Source data
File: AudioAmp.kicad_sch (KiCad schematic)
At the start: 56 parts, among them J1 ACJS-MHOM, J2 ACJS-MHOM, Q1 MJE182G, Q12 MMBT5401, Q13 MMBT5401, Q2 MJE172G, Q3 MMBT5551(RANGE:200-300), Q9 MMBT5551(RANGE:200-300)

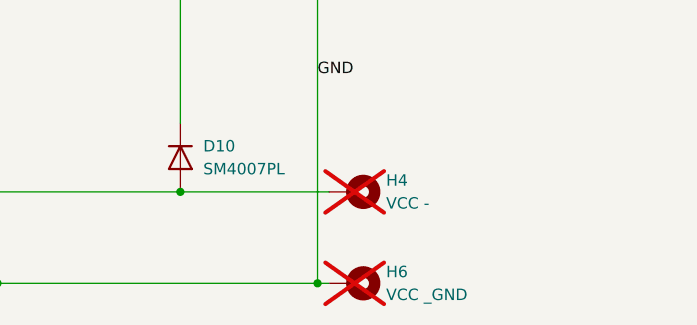
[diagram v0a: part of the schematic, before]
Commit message: CHA: Testpin zu Points
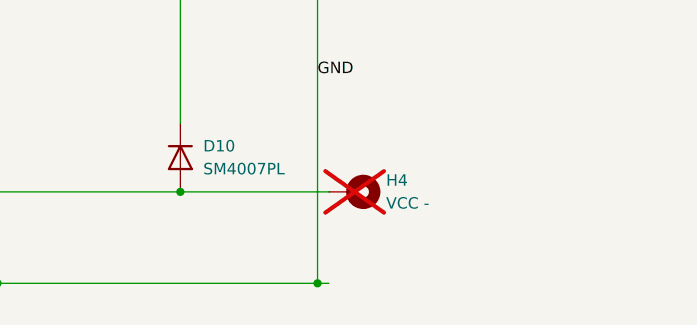
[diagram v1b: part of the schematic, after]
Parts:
- removed H6: VCC _GND, MountingHole:MountingHole_2.5mm_Pad, symbol Mechanical:MountingHole_Pad
- TP1, TP10, TP2, TP3, TP4, TP5, TP6, TP7, TP8, TP9: footprint Connector_Pin:Pin_D1.0mm_L10.0mm -> TestPoint:TestPoint_Pad_1.0x1.0mm
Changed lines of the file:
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@@
 			)
 		)
-		(property "Footprint" "Connector_Pin:Pin_D1.0mm_L10.0mm"
+		(property "Footprint" "TestPoint:TestPoint_Pad_1.0x1.0mm"
 			(at 130.81 77.47 0)
 			(effects
@@
 			)
 		)
-		(property "Footprint" "Connector_Pin:Pin_D1.0mm_L10.0mm"
+		(property "Footprint" "TestPoint:TestPoint_Pad_1.0x1.0mm"
 			(at 137.16 138.43 0)
 			(effects
@@
 			)
 		)
-		(property "Footprint" "Connector_Pin:Pin_D1.0mm_L10.0mm"
+		(property "Footprint" "TestPoint:TestPoint_Pad_1.0x1.0mm"
 			(at 137.16 128.27 0)
 			(effects
@@
 	(symbol
 		(lib_id "Mechanical:MountingHole_Pad")
-		(at 261.62 138.43 270)
-		(unit 1)
-		(exclude_from_sim no)
-		(in_bom no)
-		(on_board yes)
-		(dnp yes)
-		(fields_autoplaced yes)
-		(property "Reference" "H6"
-			(at 265.43 137.1599 90)
-			(effects
-				(font
-					(size 1.27 1.27)
-				)
-				(justify left)
-			)
-		)
-		(property "Value" "VCC _GND"
-			(at 265.43 139.6999 90)
-			(effects
-				(font
-					(size 1.27 1.27)
-				)
-				(justify left)
-			)
-		)
-		(property "Footprint" "MountingHole:MountingHole_2.5mm_Pad"
-			(at 261.62 138.43 0)
-			(effects
-				(font
-					(size 1.27 1.27)
-				)
-				(hide yes)
-			)
-		)
-		(property "Datasheet" "~"
-			(at 261.62 138.43 0)
-			(effects
-				(font
-					(size 1.27 1.27)
-				)
-				(hide yes)
-			)
-		)
-		(property "Description" "Mounting Hole with connection"
-			(at 261.62 138.43 0)
-			(effects
-				(font
-					(size 1.27 1.27)
-				)
-				(hide yes)
-			)
-		)
-		(pin "1"
-		)
-		(instances
-			(project ""
-				(path "/c5a26e6d-aabf-49ab-a44e-c2ec87fd373d"
-					(reference "H6")
-					(unit 1)
-				)
-			)
-		)
-	)
-	(symbol
-		(lib_id "Mechanical:MountingHole_Pad")
 		(at 261.62 50.8 270)
 		(unit 1)
@@
 			)
 		)
-		(property "Footprint" "Connector_Pin:Pin_D1.0mm_L10.0mm"
+		(property "Footprint" "TestPoint:TestPoint_Pad_1.0x1.0mm"
 			(at 212.09 73.66 0)
 			(effects
@@
 			)
 		)
-		(property "Footprint" "Connector_Pin:Pin_D1.0mm_L10.0mm"
+		(property "Footprint" "TestPoint:TestPoint_Pad_1.0x1.0mm"
 			(at 99.06 77.47 0)
 			(effects
@@
 			)
 		)
-		(property "Footprint" "Connector_Pin:Pin_D1.0mm_L10.0mm"
+		(property "Footprint" "TestPoint:TestPoint_Pad_1.0x1.0mm"
 			(at 138.43 111.76 0)
 			(effects
@@
 			)
 		)
-		(property "Footprint" "Connector_Pin:Pin_D1.0mm_L10.0mm"
+		(property "Footprint" "TestPoint:TestPoint_Pad_1.0x1.0mm"
 			(at 116.84 50.8 0)
 			(effects
@@
 			)
 		)
-		(property "Footprint" "Connector_Pin:Pin_D1.0mm_L10.0mm"
+		(property "Footprint" "TestPoint:TestPoint_Pad_1.0x1.0mm"
 			(at 171.45 86.36 0)
 			(effects
@@
 			)
 		)
-		(property "Footprint" "Connector_Pin:Pin_D1.0mm_L10.0mm"
+		(property "Footprint" "TestPoint:TestPoint_Pad_1.0x1.0mm"
 			(at 210.82 100.33 0)
 			(effects
@@
 			)
 		)
-		(property "Footprint" "Connector_Pin:Pin_D1.0mm_L10.0mm"
+		(property "Footprint" "TestPoint:TestPoint_Pad_1.0x1.0mm"
 			(at 232.41 78.74 0)
 			(effects

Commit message: CHA: MPN bei den Testpoints raus
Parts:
- TP1, TP10, TP2, TP3, TP4, TP5, TP6, TP7, TP8, TP9: MPN C9900045500 -> (none)
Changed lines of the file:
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@@
 			)
 		)
-		(property "MPN" "C9900045500"
-			(at 125.73 77.47 0)
-			(effects
-				(font
-					(size 1.27 1.27)
-				)
-				(hide yes)
-			)
-		)
 		(pin "1"
 		)
@@
 			)
 		)
-		(property "MPN" "C9900045500"
-			(at 132.08 138.43 0)
-			(effects
-				(font
-					(size 1.27 1.27)
-				)
-				(hide yes)
-			)
-		)
 		(pin "1"
 		)
@@
 			)
 		)
-		(property "MPN" "C9900045500"
-			(at 132.08 128.27 0)
-			(effects
-				(font
-					(size 1.27 1.27)
-				)
-				(hide yes)
-			)
-		)
 		(pin "1"
 		)
@@
 			)
 		)
-		(property "MPN" "C9900045500"
-			(at 212.09 68.58 90)
-			(effects
-				(font
-					(size 1.27 1.27)
-				)
-				(hide yes)
-			)
-		)
 		(pin "1"
 		)
@@
 			)
 		)
-		(property "MPN" "C9900045500"
-			(at 93.98 77.47 0)
-			(effects
-				(font
-					(size 1.27 1.27)
-				)
-				(hide yes)
-			)
-		)
 		(pin "1"
 		)
@@
 			)
 		)
-		(property "MPN" "C9900045500"
-			(at 133.35 111.76 0)
-			(effects
-				(font
-					(size 1.27 1.27)
-				)
-				(hide yes)
-			)
-		)
 		(pin "1"
 		)
@@
 			)
 		)
-		(property "MPN" "C9900045500"
-			(at 111.76 50.8 0)
-			(effects
-				(font
-					(size 1.27 1.27)
-				)
-				(hide yes)
-			)
-		)
 		(pin "1"
 		)
@@
 			)
 		)
-		(property "MPN" "C9900045500"
-			(at 171.45 91.44 90)
-			(effects
-				(font
-					(size 1.27 1.27)
-				)
-				(hide yes)
-			)
-		)
 		(pin "1"
 		)
@@
 			)
 		)
-		(property "MPN" "C9900045500"
-			(at 210.82 95.25 90)
-			(effects
-				(font
-					(size 1.27 1.27)
-				)
-				(hide yes)
-			)
-		)
 		(pin "1"
 		)
@@
 			(at 227.33 78.74 0)
 			(effects
-				(font
-					(size 1.27 1.27)
-				)
-				(hide yes)
-			)
-		)
-		(property "MPN" "C9900045500"
-			(at 227.33 78.74 0)
-			(effects

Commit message: CHA: Tp auf 2mm
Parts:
- TP1, TP10, TP2, TP3, TP4, TP5, TP6, TP7, TP8, TP9: footprint TestPoint:TestPoint_Pad_1.0x1.0mm -> TestPoint:TestPoint_Pad_2.0x2.0mm
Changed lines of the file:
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@@
 			)
 		)
-		(property "Footprint" "TestPoint:TestPoint_Pad_1.0x1.0mm"
+		(property "Footprint" "TestPoint:TestPoint_Pad_2.0x2.0mm"
 			(at 130.81 77.47 0)
 			(effects
@@
 			)
 		)
-		(property "Footprint" "TestPoint:TestPoint_Pad_1.0x1.0mm"
+		(property "Footprint" "TestPoint:TestPoint_Pad_2.0x2.0mm"
 			(at 137.16 138.43 0)
 			(effects
@@
 			)
 		)
-		(property "Footprint" "TestPoint:TestPoint_Pad_1.0x1.0mm"
+		(property "Footprint" "TestPoint:TestPoint_Pad_2.0x2.0mm"
 			(at 137.16 128.27 0)
 			(effects
@@
 			)
 		)
-		(property "Footprint" "TestPoint:TestPoint_Pad_1.0x1.0mm"
+		(property "Footprint" "TestPoint:TestPoint_Pad_2.0x2.0mm"
 			(at 212.09 73.66 0)
 			(effects
@@
 			)
 		)
-		(property "Footprint" "TestPoint:TestPoint_Pad_1.0x1.0mm"
+		(property "Footprint" "TestPoint:TestPoint_Pad_2.0x2.0mm"
 			(at 99.06 77.47 0)
 			(effects
@@
 			)
 		)
-		(property "Footprint" "TestPoint:TestPoint_Pad_1.0x1.0mm"
+		(property "Footprint" "TestPoint:TestPoint_Pad_2.0x2.0mm"
 			(at 138.43 111.76 0)
 			(effects
@@
 			)
 		)
-		(property "Footprint" "TestPoint:TestPoint_Pad_1.0x1.0mm"
+		(property "Footprint" "TestPoint:TestPoint_Pad_2.0x2.0mm"
 			(at 116.84 50.8 0)
 			(effects
@@
 			)
 		)
-		(property "Footprint" "TestPoint:TestPoint_Pad_1.0x1.0mm"
+		(property "Footprint" "TestPoint:TestPoint_Pad_2.0x2.0mm"
 			(at 171.45 86.36 0)
 			(effects
@@
 			)
 		)
-		(property "Footprint" "TestPoint:TestPoint_Pad_1.0x1.0mm"
+		(property "Footprint" "TestPoint:TestPoint_Pad_2.0x2.0mm"
 			(at 210.82 100.33 0)
 			(effects
@@
 			)
 		)
-		(property "Footprint" "TestPoint:TestPoint_Pad_1.0x1.0mm"
+		(property "Footprint" "TestPoint:TestPoint_Pad_2.0x2.0mm"
 			(at 232.41 78.74 0)
 			(effects

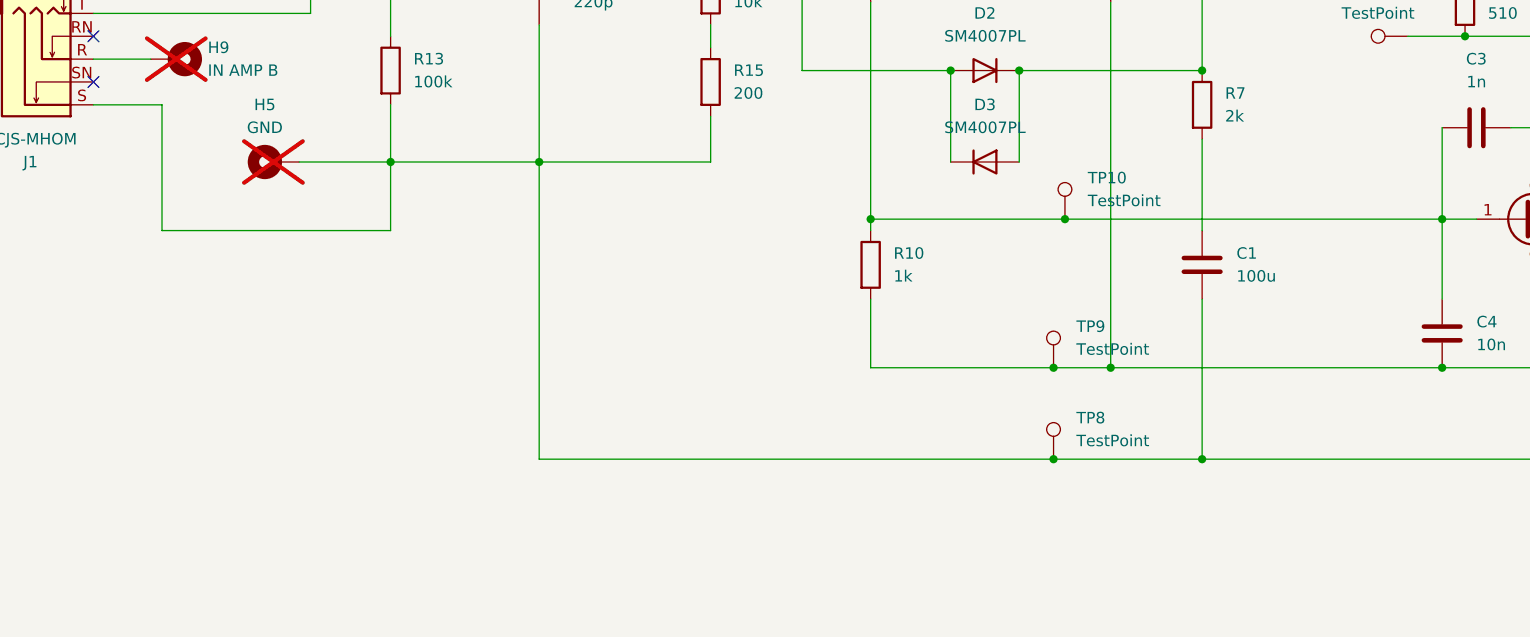
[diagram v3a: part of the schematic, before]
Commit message: CHA: Testpads, leitungsänderungen
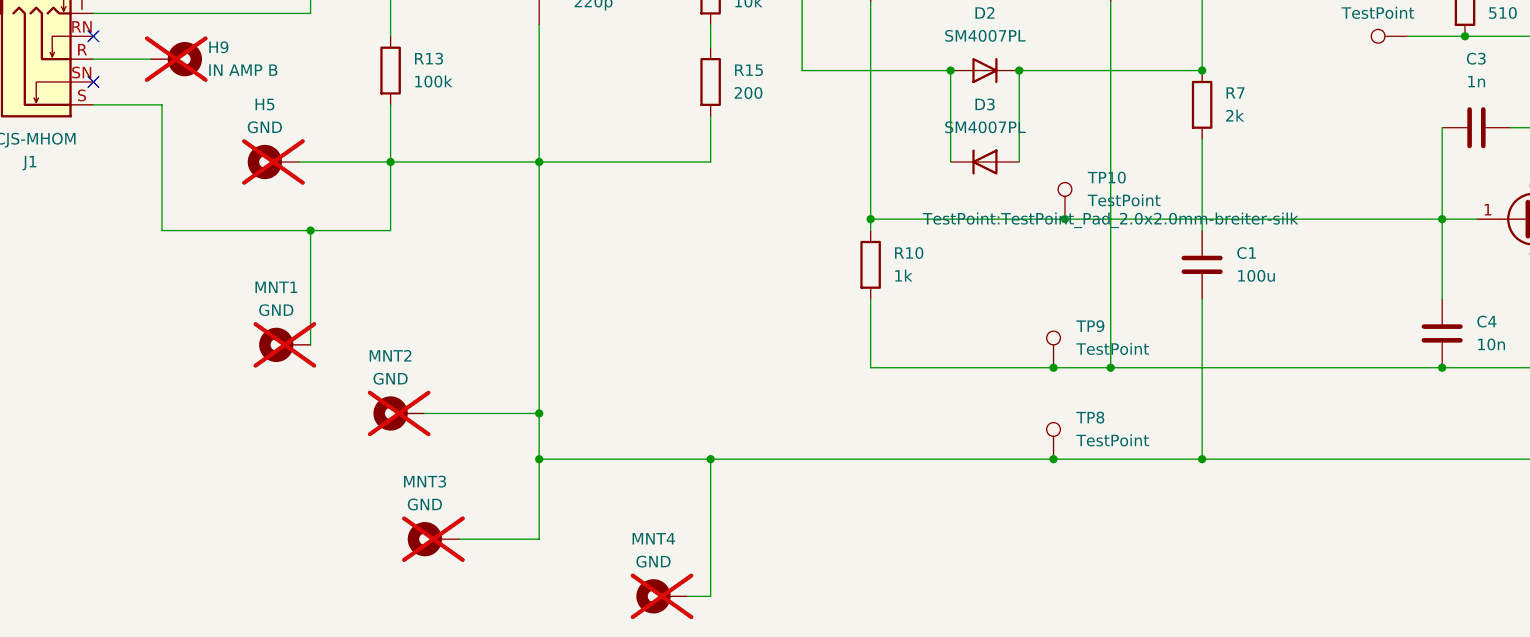
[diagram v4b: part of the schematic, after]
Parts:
- added MNT1, MNT2, MNT3, MNT4: GND, MountingHole:MountingHole_2.5mm_Pad, symbol Mechanical:MountingHole_Pad
- TP1, TP10, TP2, TP3, TP4, TP5, TP6, TP7, TP8, TP9: footprint TestPoint:TestPoint_Pad_2.0x2.0mm -> TestPoint:TestPoint_Pad_2.0x2.0mm-breiter-silk
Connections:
- net GND: now also MNT1.1, MNT2.1, MNT3.1, MNT4.1

- TASK DIRECTIONS: Scan the data above; copy every line where "Commit" appears.

- ANSWER AREA:
Commit message: CHA: Testpin zu Points
Commit message: CHA: MPN bei den Testpoints raus
Commit message: CHA: Tp auf 2mm
Commit message: CHA: Testpads, leitungsänderungen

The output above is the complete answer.